In 1984, a parallel road coach commenced operations. A day train, The Sunraysia, was introduced in 1987 but was withdrawn in 1990.

By November 1986, The Vinelander was only operating two nights per week, with The Sunraysia daylight service running as a replacement on some other days. The price of the sleeping car service also rose. From $17 per berth in 1985, it had increased to $30 per berth by July 1986. Staff levels were reduced, with one conductor managing two carriages (prior to that there was a one-to-one ratio), which was seen by some as an attempt by V/Line management to cut back the service.

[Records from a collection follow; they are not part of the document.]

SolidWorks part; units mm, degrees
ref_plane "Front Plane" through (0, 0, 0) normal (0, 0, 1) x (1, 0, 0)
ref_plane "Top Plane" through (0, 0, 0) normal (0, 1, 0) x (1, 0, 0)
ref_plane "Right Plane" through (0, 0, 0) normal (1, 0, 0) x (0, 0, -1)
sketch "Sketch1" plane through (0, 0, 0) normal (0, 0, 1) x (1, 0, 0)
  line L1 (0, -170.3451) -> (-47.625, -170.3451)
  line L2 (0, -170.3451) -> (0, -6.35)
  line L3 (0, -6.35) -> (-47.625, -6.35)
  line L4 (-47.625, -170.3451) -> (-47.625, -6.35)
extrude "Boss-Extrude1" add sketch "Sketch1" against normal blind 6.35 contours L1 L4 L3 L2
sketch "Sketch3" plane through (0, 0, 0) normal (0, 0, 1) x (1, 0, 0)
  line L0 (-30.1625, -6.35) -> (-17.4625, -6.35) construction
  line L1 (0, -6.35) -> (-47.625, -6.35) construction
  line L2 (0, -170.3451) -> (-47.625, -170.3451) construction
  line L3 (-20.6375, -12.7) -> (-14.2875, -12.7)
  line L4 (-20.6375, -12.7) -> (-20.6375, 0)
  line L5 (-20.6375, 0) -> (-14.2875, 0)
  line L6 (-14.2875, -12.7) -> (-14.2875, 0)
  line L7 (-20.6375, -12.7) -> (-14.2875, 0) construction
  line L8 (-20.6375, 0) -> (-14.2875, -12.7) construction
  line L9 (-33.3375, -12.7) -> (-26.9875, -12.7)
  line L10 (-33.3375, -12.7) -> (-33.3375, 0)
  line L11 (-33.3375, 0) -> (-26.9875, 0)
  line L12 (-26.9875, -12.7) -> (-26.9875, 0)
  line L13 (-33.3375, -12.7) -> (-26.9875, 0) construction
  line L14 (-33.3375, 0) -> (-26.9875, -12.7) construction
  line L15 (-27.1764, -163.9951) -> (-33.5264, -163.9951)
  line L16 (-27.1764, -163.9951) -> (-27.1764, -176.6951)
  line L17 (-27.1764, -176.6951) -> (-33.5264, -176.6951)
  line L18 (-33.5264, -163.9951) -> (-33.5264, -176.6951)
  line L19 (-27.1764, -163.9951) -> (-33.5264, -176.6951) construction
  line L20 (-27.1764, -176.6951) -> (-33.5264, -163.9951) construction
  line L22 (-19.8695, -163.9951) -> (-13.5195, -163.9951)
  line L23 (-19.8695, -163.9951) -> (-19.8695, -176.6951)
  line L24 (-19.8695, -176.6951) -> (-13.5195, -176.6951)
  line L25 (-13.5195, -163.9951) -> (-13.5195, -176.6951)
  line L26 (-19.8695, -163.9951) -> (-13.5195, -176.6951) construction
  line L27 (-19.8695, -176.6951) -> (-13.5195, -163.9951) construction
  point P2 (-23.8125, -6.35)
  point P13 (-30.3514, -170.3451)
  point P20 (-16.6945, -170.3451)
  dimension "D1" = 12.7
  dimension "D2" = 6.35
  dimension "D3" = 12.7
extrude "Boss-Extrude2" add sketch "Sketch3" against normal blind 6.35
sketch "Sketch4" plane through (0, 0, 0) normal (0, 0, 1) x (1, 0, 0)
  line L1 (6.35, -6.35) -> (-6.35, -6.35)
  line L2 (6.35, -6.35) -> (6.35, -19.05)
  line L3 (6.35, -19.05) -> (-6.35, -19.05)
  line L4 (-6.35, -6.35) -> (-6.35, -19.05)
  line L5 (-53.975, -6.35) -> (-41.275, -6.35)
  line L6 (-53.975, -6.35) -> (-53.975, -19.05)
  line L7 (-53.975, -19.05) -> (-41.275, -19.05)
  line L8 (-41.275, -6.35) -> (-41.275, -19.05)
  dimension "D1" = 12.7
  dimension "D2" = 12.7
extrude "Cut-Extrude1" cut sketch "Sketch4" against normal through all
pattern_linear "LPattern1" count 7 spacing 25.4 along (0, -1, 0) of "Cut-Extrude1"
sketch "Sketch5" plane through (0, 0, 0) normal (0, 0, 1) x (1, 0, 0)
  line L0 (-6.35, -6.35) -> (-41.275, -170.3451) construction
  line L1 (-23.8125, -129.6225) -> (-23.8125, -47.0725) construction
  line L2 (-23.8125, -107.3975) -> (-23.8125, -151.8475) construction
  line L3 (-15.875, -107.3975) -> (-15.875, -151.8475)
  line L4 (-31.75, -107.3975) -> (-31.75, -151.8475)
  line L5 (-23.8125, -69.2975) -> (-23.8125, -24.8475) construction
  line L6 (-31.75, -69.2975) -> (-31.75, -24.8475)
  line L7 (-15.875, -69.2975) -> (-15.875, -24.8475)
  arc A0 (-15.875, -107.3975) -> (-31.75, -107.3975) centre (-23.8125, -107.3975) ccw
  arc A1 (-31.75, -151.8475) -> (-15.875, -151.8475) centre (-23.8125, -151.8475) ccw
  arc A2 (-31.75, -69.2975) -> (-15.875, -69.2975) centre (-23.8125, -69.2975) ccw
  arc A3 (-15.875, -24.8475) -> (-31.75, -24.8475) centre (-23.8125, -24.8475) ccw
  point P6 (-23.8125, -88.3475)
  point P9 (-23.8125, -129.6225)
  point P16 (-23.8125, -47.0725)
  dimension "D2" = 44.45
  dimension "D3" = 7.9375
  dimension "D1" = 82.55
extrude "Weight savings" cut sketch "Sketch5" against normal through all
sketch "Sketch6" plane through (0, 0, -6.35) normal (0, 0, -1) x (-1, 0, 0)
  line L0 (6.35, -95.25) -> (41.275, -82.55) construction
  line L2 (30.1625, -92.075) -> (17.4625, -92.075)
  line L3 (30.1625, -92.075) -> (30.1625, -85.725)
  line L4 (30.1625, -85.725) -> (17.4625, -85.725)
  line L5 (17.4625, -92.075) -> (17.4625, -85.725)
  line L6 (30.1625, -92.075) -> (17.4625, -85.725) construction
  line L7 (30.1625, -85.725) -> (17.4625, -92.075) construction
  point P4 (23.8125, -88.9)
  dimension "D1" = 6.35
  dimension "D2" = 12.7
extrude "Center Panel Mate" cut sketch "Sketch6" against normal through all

== Introduction of The Sunraysia ==
From 15 February 1987 The Vinelander was altered to only operate on Thursdays, Fridays and Sundays, with The Sunraysia working on other days; V/Line projected that this would result in a 10 per cent increase in Mildura line patronage. At the time the train service was competing with V/Line's own bus services, as well as six flights per day. The new arrangement included reduction of the day trains from four to three sitting carriages, and combined with the removal of the sleeping cars this gave a net capacity reduction of 400 seats/berths each way per week. The change also coincided with a reversal of the train marshalling, with the D luggage vans now at the Mildura end of the train and the Motorail wagons now at the Melbourne end.

== Demise ==
The last Vinelander service ran on 12 September 1993, following cutbacks imposed by the Kennett Government. A service review was announced by the incoming Bracks Government in 2000, in part due to the independent member for Mildura, Russell Savage, backing the formation of a minority Labor government after the 1999 Victorian state election. However, the service never returned.

==Withdrawal==
The withdrawal of The Vinelander in 1993 occurred under controversial circumstances. Two days before the service was scheduled to be axed, intending passengers were on the platform at Spencer Street station, ready to board the train to Mildura, when it was announced that it had been cancelled due to a landslide along the track. Despite the very short notice of the cancellation, buses were conveniently available as an alternative. Suspicions about the supposed landslide story were aroused when it was noted that it hadn't blocked the Melbourne-bound Vinelander that same evening.

A leaked document from the train controllers working that evening also aroused suspicion, and an investigation revealed that the story about the landslide was a hoax.

V/Line management failed to give any clear explanation for their actions and it is widely believed that the sudden cancellation of the final Vinelander service was done to avoid protests planned for the officially-announced withdrawal of the service a couple of days later, such as had occurred earlier at Bairnsdale.